_WORK TO COMPLETE_: Return all lines in the data where the string "origin" can be found.

_MATERIAL SUPPLIED_:
.....

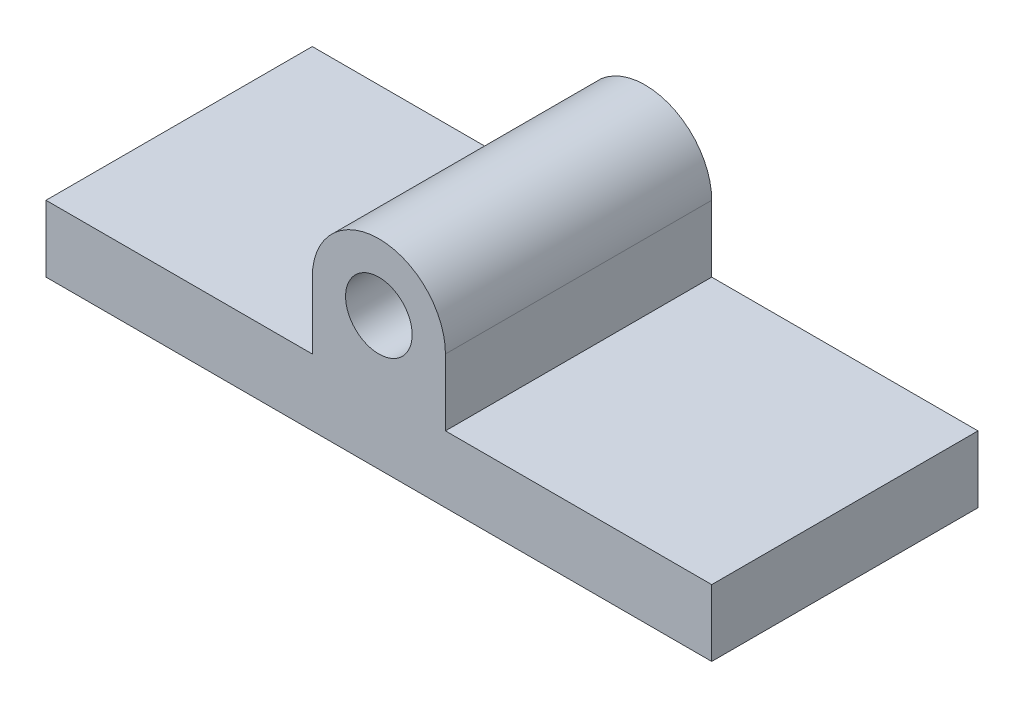
from build123d import *

# Parameters (mm, degrees)
SKETCH_1_W          = 50
SKETCH_1_H          = 5
EXTRUDE_1_DEPTH     = 20
EXTRUDE_2_DEPTH     = 20
SKETCH_3_R          = 2.5
CUT_EXTRUDE_1_DEPTH = 20


with BuildPart() as part:
    # 草图1 → 凸台-拉伸1 (new body)
    with BuildSketch(Plane.XY):
        with Locations((0, 2.5)):
            Rectangle(SKETCH_1_W, SKETCH_1_H)
    extrude(amount=EXTRUDE_1_DEPTH)

    # 草图2 → 凸台-拉伸2 (add)
    with BuildSketch(Plane.XY.offset(20)):
        with BuildLine():
            Line((-5, 10), (-5, 5))
            Line((-5, 5), (5, 5))
            Line((5, 5), (5, 10))
            ThreePointArc((5, 10), (0, 15), (-5, 10))
        make_face()
    extrude(amount=-EXTRUDE_2_DEPTH)

    # 草图3 → 切除-拉伸1 (cut)
    with BuildSketch(Plane.XY.offset(20)):
        with Locations((0, 10)):
            Circle(SKETCH_3_R)
    extrude(amount=-CUT_EXTRUDE_1_DEPTH, mode=Mode.SUBTRACT)


solid = part.part
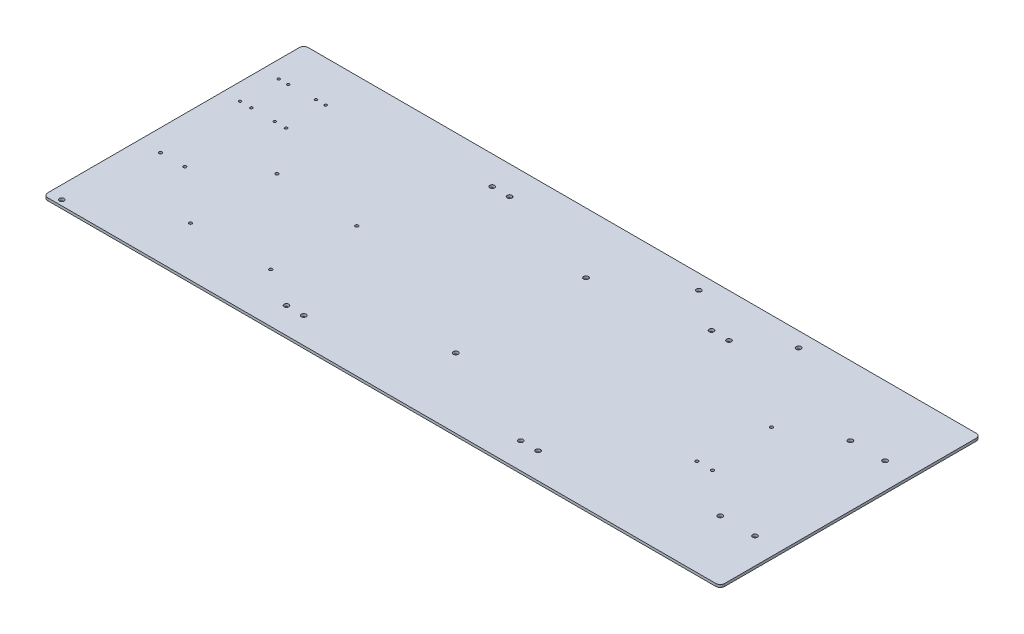
from build123d import *

# Parameters (mm, degrees)
SKETCH2_W           = 780
SKETCH2_H           = 300
BOSS_EXTRUDE1_DEPTH = 3
FILLET1_R           = 5
SKETCH4_R           = 2.75
SKETCH4_R_2         = 1.75
SKETCH4_R_3         = 1.5
CUT_EXTRUDE3_DEPTH  = 10


with BuildPart() as part:
    # Sketch2 → Boss-Extrude1 (new body)
    with BuildSketch(Plane(origin=(0, 0, 0), x_dir=(1, 0, 0), z_dir=(0, 1, 0))):
        Rectangle(SKETCH2_W, SKETCH2_H)
    extrude(amount=BOSS_EXTRUDE1_DEPTH)

    # Fillet1
    fillet1_edges = [part.edges().sort_by_distance(p)[0] for p in [
        (-390, 1.5, -150),
        (390, 1.5, -150),
        (390, 1.5, 150),
        (-390, 1.5, 150),
    ]]
    fillet(fillet1_edges, radius=FILLET1_R)

    # Sketch4 → Cut-Extrude3 (cut)
    with BuildSketch(Plane(origin=(0, 3, 0), x_dir=(1, 0, 0), z_dir=(0, 1, 0))):
        with Locations(Location((5, 80.295408127, 0), (0, 0, 270))):
            Circle(SKETCH4_R)
        with Locations(Location((5, -69.803053448, 0), (0, 0, 270))):
            Circle(SKETCH4_R)
        with Locations(Location((82.5, 132.805328431, 0), (0, 0, 270))):
            Circle(SKETCH4_R)
        with Locations(Location((197.5, 132.805328431, 0), (0, 0, 270))):
            Circle(SKETCH4_R)
        with Locations(Location((130, 100, 0), (0, 0, 270))):
            Circle(SKETCH4_R)
        with Locations(Location((150, 100, 0), (0, 0, 270))):
            Circle(SKETCH4_R)
        with Locations(Location((-276.9, 6, 0), (0, 0, 270))):
            Circle(SKETCH4_R_2)
        with Locations(Location((-178.9, 0, 0), (0, 0, 270))):
            Circle(SKETCH4_R_2)
        with Locations(Location((-185, -93, 0), (0, 0, 270))):
            Circle(SKETCH4_R_2)
        with Locations(Location((-277.5, -93, 0), (0, 0, 270))):
            Circle(SKETCH4_R_2)
        with Locations(Location((360, -80, 0), (0, 0, 270))):
            Circle(SKETCH4_R)
        with Locations(Location((270, -38.928899428, 0), (0, 0, 270))):
            Circle(SKETCH4_R_2)
        with Locations(Location((261, 38.071100572, 0), (0, 0, 270))):
            Circle(SKETCH4_R_2)
        with Locations(Location((-328.292899545, 102.490587084, 0), (0, 0, 270))):
            Circle(SKETCH4_R_3)
        with Locations(Location((-317.292899545, 102.490587084, 0), (0, 0, 270))):
            Circle(SKETCH4_R_3)
        with Locations(Location((-330.292899545, 56.848781738, 0), (0, 0, 270))):
            Circle(SKETCH4_R_3)
        with Locations(Location((-317.292899545, 56.848781738, 0), (0, 0, 270))):
            Circle(SKETCH4_R_3)
        with Locations(Location((-370.506562807, 57.144862602, 0), (0, 0, 270))):
            Circle(SKETCH4_R_3)
        with Locations(Location((-357.506562807, 57.144862602, 0), (0, 0, 270))):
            Circle(SKETCH4_R_3)
        with Locations(Location((-365, -40, 0), (0, 0, 270))):
            Circle(SKETCH4_R_2)
        with Locations(Location((-337.1, -40, 0), (0, 0, 270))):
            Circle(SKETCH4_R_2)
        with Locations(Location((-375, -144, 0), (0, 0, 270))):
            Circle(SKETCH4_R)
        with Locations(Location((-140, -120, 0), (0, 0, 270))):
            Circle(SKETCH4_R)
        with Locations(Location((-120, -120, 0), (0, 0, 270))):
            Circle(SKETCH4_R)
        with Locations(Location((360, 70, 0), (0, 0, 270))):
            Circle(SKETCH4_R)
        with Locations(Location((130, -120, 0), (0, 0, 270))):
            Circle(SKETCH4_R)
        with Locations(Location((150, -120, 0), (0, 0, 270))):
            Circle(SKETCH4_R)
        with Locations(Location((320, -80, 0), (0, 0, 270))):
            Circle(SKETCH4_R)
        with Locations(Location((320, 70, 0), (0, 0, 270))):
            Circle(SKETCH4_R)
        with Locations(Location((252, -38.928899428, 0), (0, 0, 270))):
            Circle(SKETCH4_R_2)
        with Locations(Location((-140, 117.187380821, 0), (0, 0, 270))):
            Circle(SKETCH4_R)
        with Locations(Location((-120, 117.187380821, 0), (0, 0, 270))):
            Circle(SKETCH4_R)
        with Locations(Location((-370.506562807, 101.610482847, 0), (0, 0, 270))):
            Circle(SKETCH4_R_3)
        with Locations(Location((-359.506562807, 101.610482847, 0), (0, 0, 270))):
            Circle(SKETCH4_R_3)
    extrude(amount=-CUT_EXTRUDE3_DEPTH, mode=Mode.SUBTRACT)


solid = part.part

.....

_SOLUTION TO THIS PROBLEM_:
    with BuildSketch(Plane(origin=(0, 0, 0), x_dir=(1, 0, 0), z_dir=(0, 1, 0))):
    with BuildSketch(Plane(origin=(0, 3, 0), x_dir=(1, 0, 0), z_dir=(0, 1, 0))):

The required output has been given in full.